Travis Cork III. 2010. The Market Illiteracy Embodied in the Politically Correct Version of Sustainability. W.I.S.E. White Paper No. 2010-4

Full text [here]

Selected excerpts:

The forest products industry has been practicing sustainable forestry for much of the Twentieth Century. During this time we have seen substantial gains in the management and utilization of forests, particularly on forest industry lands. “Although the forest industry occupies only about one-seventh of total U. S. timberland, its land produces a full fifth of national timber growth, a quarter of the growth of softwoods, and about a third of the annual timber harvest.” 1/

The forest industry has signed on to the sustainable forestry initiative, no doubt for public relations, but it does not need market illiterate bureaucrats and GAGs (green advocacy groups-The Nature Conservancy, Sierra Club, et al.) telling it how to practice sustainable forestry. …

Depletion is not caused by lack of resources, but by a lack of institutions, specifically private property rights and free-markets, that allow for a rational and sustained use of resources.

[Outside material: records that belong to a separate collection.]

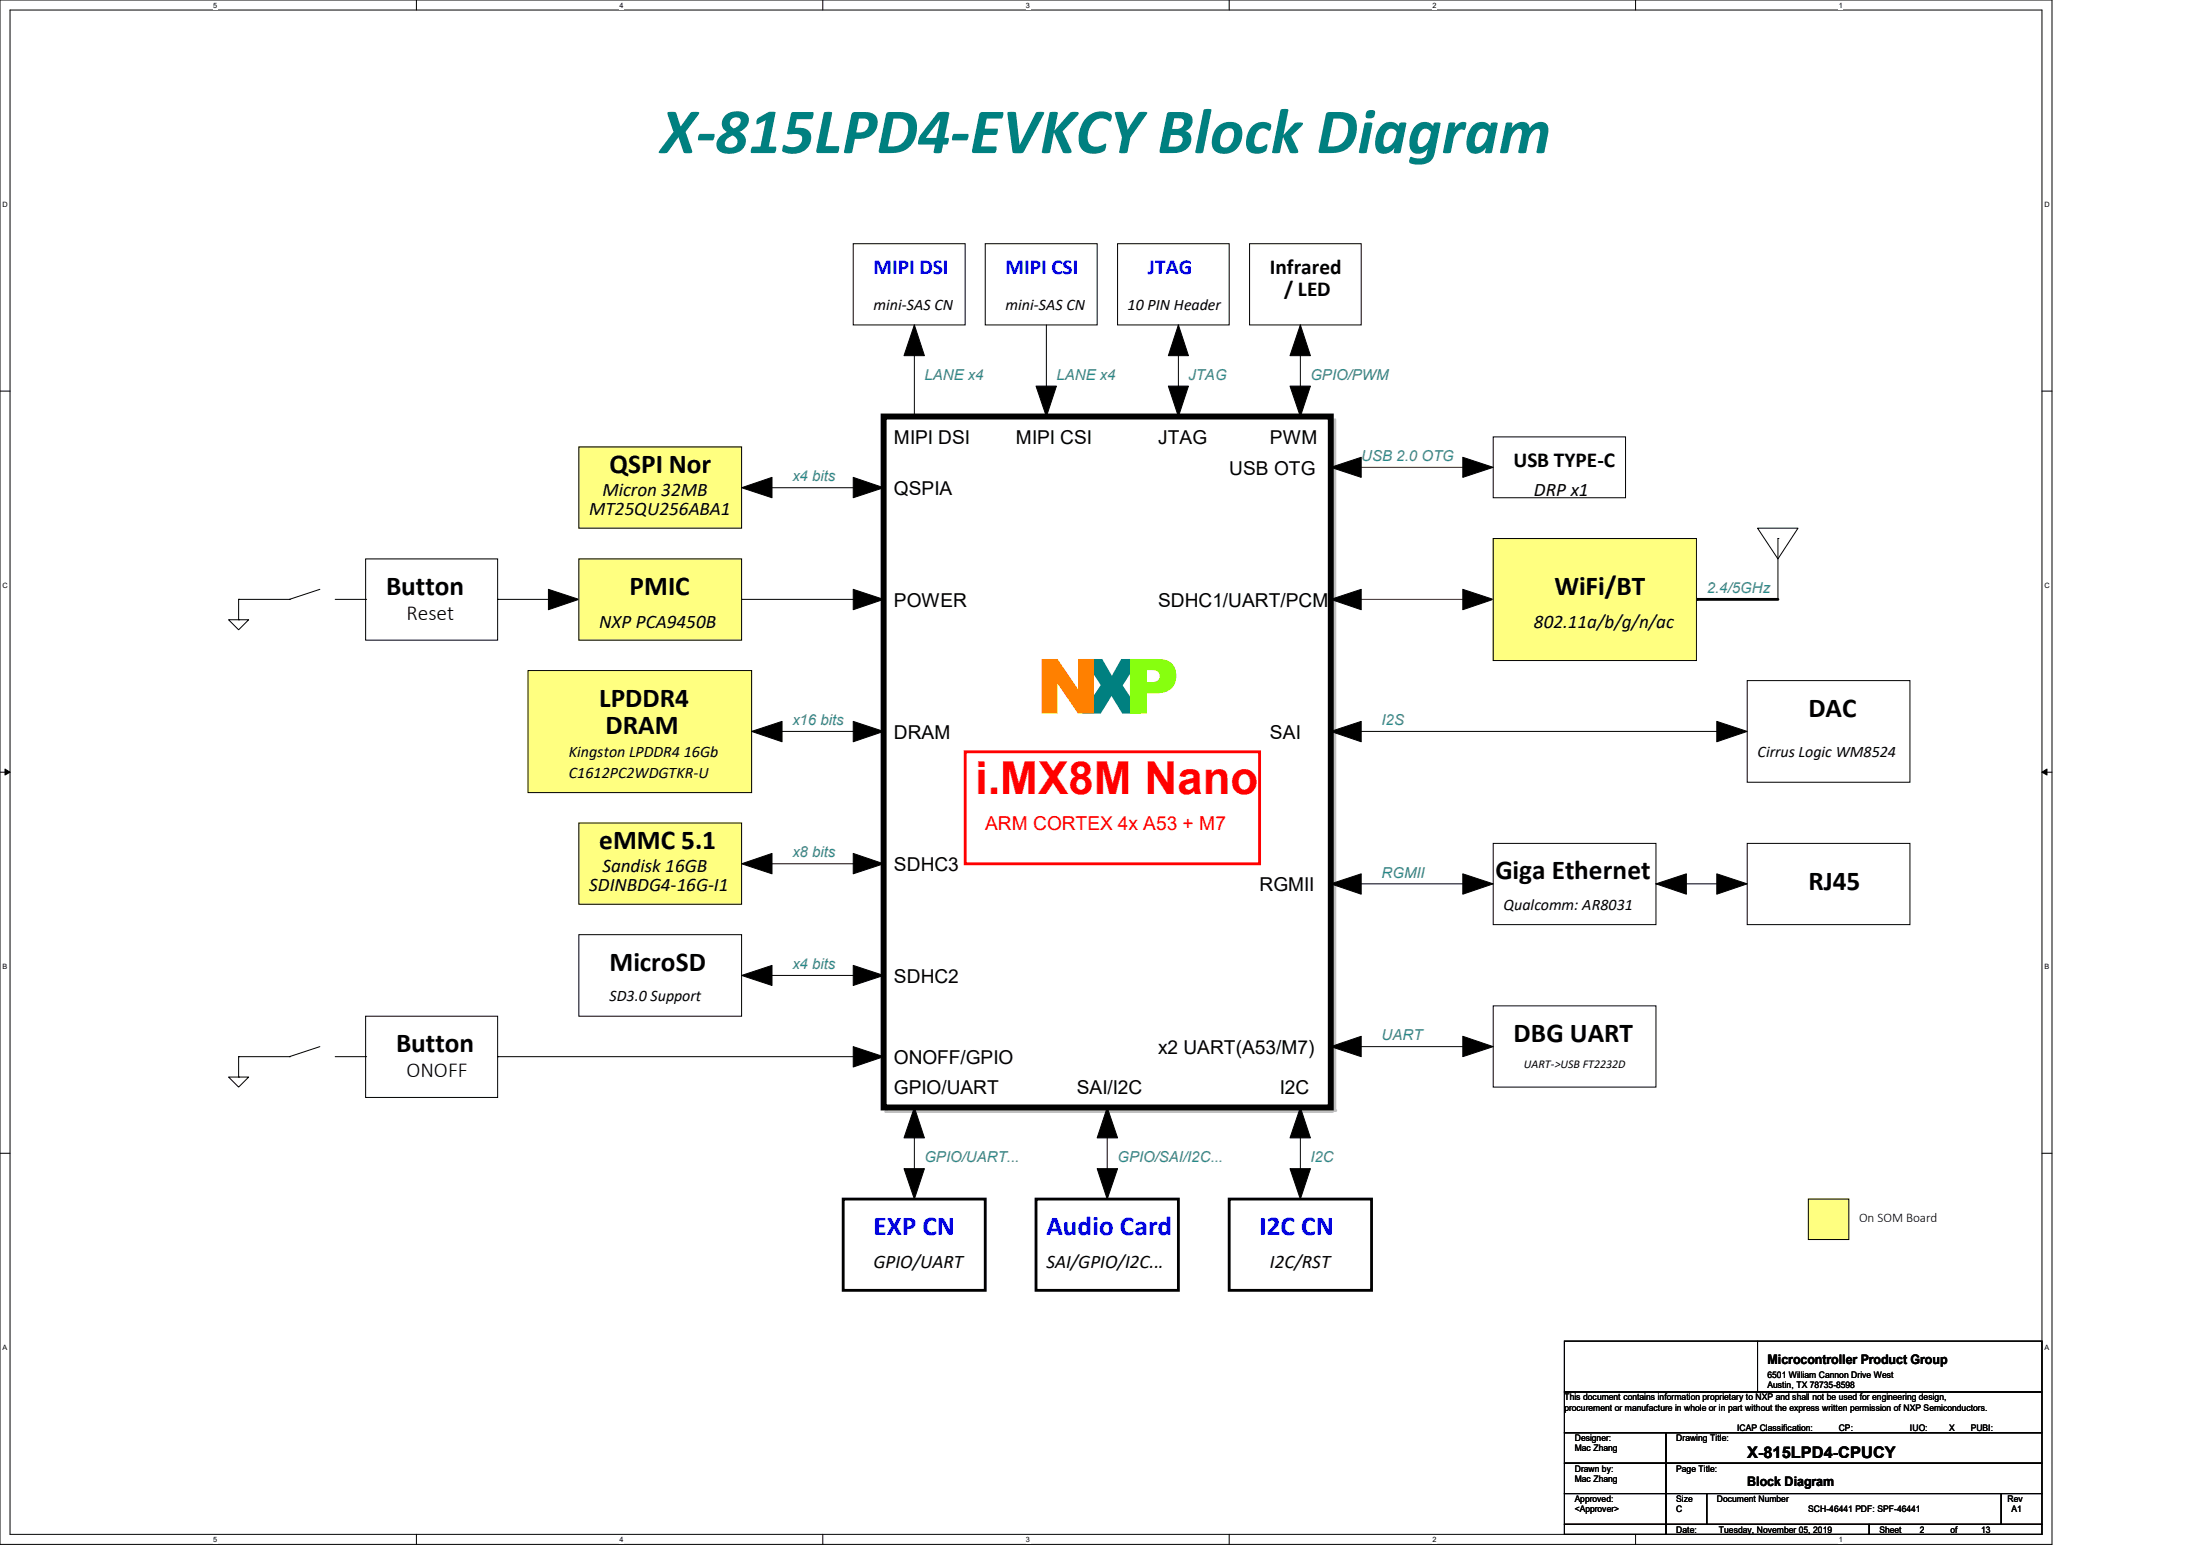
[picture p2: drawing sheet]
<svg xmlns="http://www.w3.org/2000/svg" width="297mm" height="210mm" viewBox="0 0 297 210" stroke-linecap="round" stroke-linejoin="round" font-family="sans-serif">
<path d="M0 0h277v208.4h-277zM1.4 1.4h274.3v205.7h-274.3z" fill="none" stroke="#000" stroke-width=".14"/>
<g fill="#fff">
<path d="M28.8 .1h.5v1.1h-.5z"/>
<path d="M28.8 207.2h.5v1.1h-.5z"/>
</g>
<path d="M56.2 0v1.4M56.2 207.1v1.3" fill="none" stroke="#000" stroke-width=".14"/>
<g fill="#fff">
<path d="M83.7 .1h.5v1.1h-.5z"/>
<path d="M83.7 207.2h.5v1.1h-.5z"/>
</g>
<path d="M111.1 0v1.4M111.1 207.1v1.3" fill="none" stroke="#000" stroke-width=".14"/>
<g fill="#fff">
<path d="M138.5 .1h.6v1.1h-.6z"/>
<path d="M138.5 207.2h.6v1.1h-.6z"/>
</g>
<path d="M165.9 0v1.4M165.9 207.1v1.3" fill="none" stroke="#000" stroke-width=".14"/>
<g fill="#fff">
<path d="M193.4 .1h.5v1.1h-.5z"/>
<path d="M193.4 207.2h.5v1.1h-.5z"/>
</g>
<path d="M220.8 0v1.4M220.8 207.1v1.3" fill="none" stroke="#000" stroke-width=".14"/>
<g fill="#fff">
<path d="M248.2 .1h.6v1.1h-.6z"/>
<path d="M248.2 207.2h.6v1.1h-.6z"/>
<path d="M.3 27.1h.8v1.1h-.8z"/>
<path d="M276 27.1h.7v1.1h-.7z"/>
<path d="M.3 78.5h.8v1.1h-.8z"/>
<path d="M276 78.5h.7v1.1h-.7z"/>
</g>
<path d="M0 52.8h1.4M275.7 52.8h1.3" fill="none" stroke="#000" stroke-width=".14"/>
<g fill="#fff">
<path d="M.3 129.9h.7v1.1h-.7z"/>
<path d="M276 129.9h.6v1.1h-.6z"/>
</g>
<path d="M0 104.2h1.4M275.7 104.2h1.3" fill="none" stroke="#000" stroke-width=".14"/>
<path d="M.7 103.8l.7 .4-.7 .4zM275.7 104.2l.7-.4v.8z" fill="#000" stroke="#000" stroke-width=".14"/>
<g fill="#fff">
<path d="M.3 181.4h.7v1.1h-.7z"/>
<path d="M276 181.4h.6v1.1h-.6z"/>
</g>
<g fill="none" stroke="#000" stroke-width=".14">
<path d="M115.2 32.9h15.1v11h-15.1zM133 32.9h15.1v11h-15.1zM150.9 32.9h15v11h-15zM168.7 32.9h15.1v11h-15.1zM123.4 56.2h.1M123.4 43.9v12.3M141.3 56.2h.1M141.3 43.9v12.3M159.1 56.2h.1M159.1 43.9v12.3M175.6 56.2h.1M175.6 43.9v12.3"/>
<path d="M201.6 59h17.9v8.2h-17.9zM235.9 91.9h22v13.7h-22zM201.6 113.8h22v11h-22zM235.9 113.8h22v11h-22zM78.1 126.2h22v11h-22zM201.6 135.8h22v10.9h-22zM0 155.7h1.4M275.7 155.7h1.3"/>
</g>
<path d="M113.8 161.8h19.2v12.4h-19.2zM139.9 161.8h19.2v12.4h-19.2zM165.9 161.8h19.3v12.4h-19.3z" fill="none" stroke="#000" stroke-width=".38"/>
<g fill="#ffff80" stroke="#ffff80" stroke-width=".14">
<path d="M78.1 111.1h22v10.9h-22z" fill-rule="evenodd"/>
<path d="M78.1 60.3h22v11h-22z" fill-rule="evenodd"/>
<path d="M71.3 90.5h30.2v16.5h-30.2z" fill-rule="evenodd"/>
</g>
<path d="M119.3 56.2h60.4v93.3h-60.4z" fill="none" stroke="#ff8000" stroke-width=".14"/>
<g fill="#000" stroke="#000" stroke-width=".14">
<path d="M123.4 43.9l1.4 4.1h-2.8z" fill-rule="evenodd"/>
<path d="M139.9 52.1h2.7l-1.3 4.1z" fill-rule="evenodd"/>
<path d="M159.1 43.9l1.3 4.1h-2.7z" fill-rule="evenodd"/>
<path d="M157.7 52.1h2.7l-1.3 4.1z" fill-rule="evenodd"/>
<path d="M175.6 43.9l1.3 4.1h-2.7z" fill-rule="evenodd"/>
<path d="M174.2 52.1h2.7l-1.3 4.1z" fill-rule="evenodd"/>
</g>
<path d="M180.2 56.6v93.3" fill="none" stroke="#c0c0c0" stroke-width=".38"/>
<circle cx="180.2" cy="149.9" r=".19" fill="#c0c0c0"/>
<path d="M179.7 63.1h.1M179.7 63.1h17.8M179.7 80.9h.1M179.7 80.9h17.8" fill="none" stroke="#800000" stroke-width=".14"/>
<g fill="#000" stroke="#000" stroke-width=".14">
<path d="M100.1 65.8l4.1-1.4v2.8z" fill-rule="evenodd"/>
<path d="M115.2 64.4l4.1 1.4-4.1 1.4z" fill-rule="evenodd"/>
<path d="M179.7 63.1l4.1-1.4v2.7z" fill-rule="evenodd"/>
<path d="M197.5 61.7l4.1 1.4-4.1 1.3z" fill-rule="evenodd"/>
<path d="M74 79.5l4.1 1.4-4.1 1.4z" fill-rule="evenodd"/>
<path d="M101.5 98.7l4.1-1.3v2.7z" fill-rule="evenodd"/>
<path d="M115.2 79.5l4.1 1.4-4.1 1.4z" fill-rule="evenodd"/>
<path d="M115.2 97.4l4.1 1.3-4.1 1.4z" fill-rule="evenodd"/>
<path d="M179.7 80.9l4.1-1.4v2.8z" fill-rule="evenodd"/>
<path d="M179.7 98.7l4.1-1.3v2.7z" fill-rule="evenodd"/>
<path d="M197.5 79.5l4.1 1.4-4.1 1.4z" fill-rule="evenodd"/>
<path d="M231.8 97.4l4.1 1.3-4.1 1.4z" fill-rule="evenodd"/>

In America, it is a manufactured crisis. If depletion of forest resources were a real problem, the responsible solution would be to find ways to increase productivity. Locking up more of the American land base (50 percent or more with Reed Noss’ Wildlands Project) and restricting utilization on remaining lands is neither a serious nor an ethical approach to depletion. But then the crisis-mongers are not concerned about the depletion of resources but the control of resources.

A statist perspective of sustainability

Sustainability is defined as

meeting the needs of the present without compromising the ability of future generations to meet their own needs.

The American Forest & Paper Association expands this to include forestry.

Sustainable forestry means managing our forests to meet the needs of the present without compromising the ability of future generations to meet their own needs by practicing a land stewardship ethic which integrates the growing, nurturing, and harvesting of trees for useful products with the conservation of soil, air and water quality, and wildlife and fish habitat.

What bureaucrat or academic can make an accurate measurement of my “sustainable” allotment of forest resources (or any other resource) in quantifiable terms; e.g., cords, tons, board feet, cubic meters, kilograms, etc.?

Who is the soothsayer, seer, or mystic that can divine what future generations will want from the forest or any resource?

Who can determine the annual removal of wood products or any resource compared to the volume estimated to be sustainable?

The answer is no one.

History tells us “no exhaustible resource is essential or irreplaceable… The relevant resource base is defined by knowledge, rather than by physical deposits of existing resources.” 7/ Unless suppressed by government force, human intelligence and ingenuity break the bonds that carrying capacity imposes on other species. …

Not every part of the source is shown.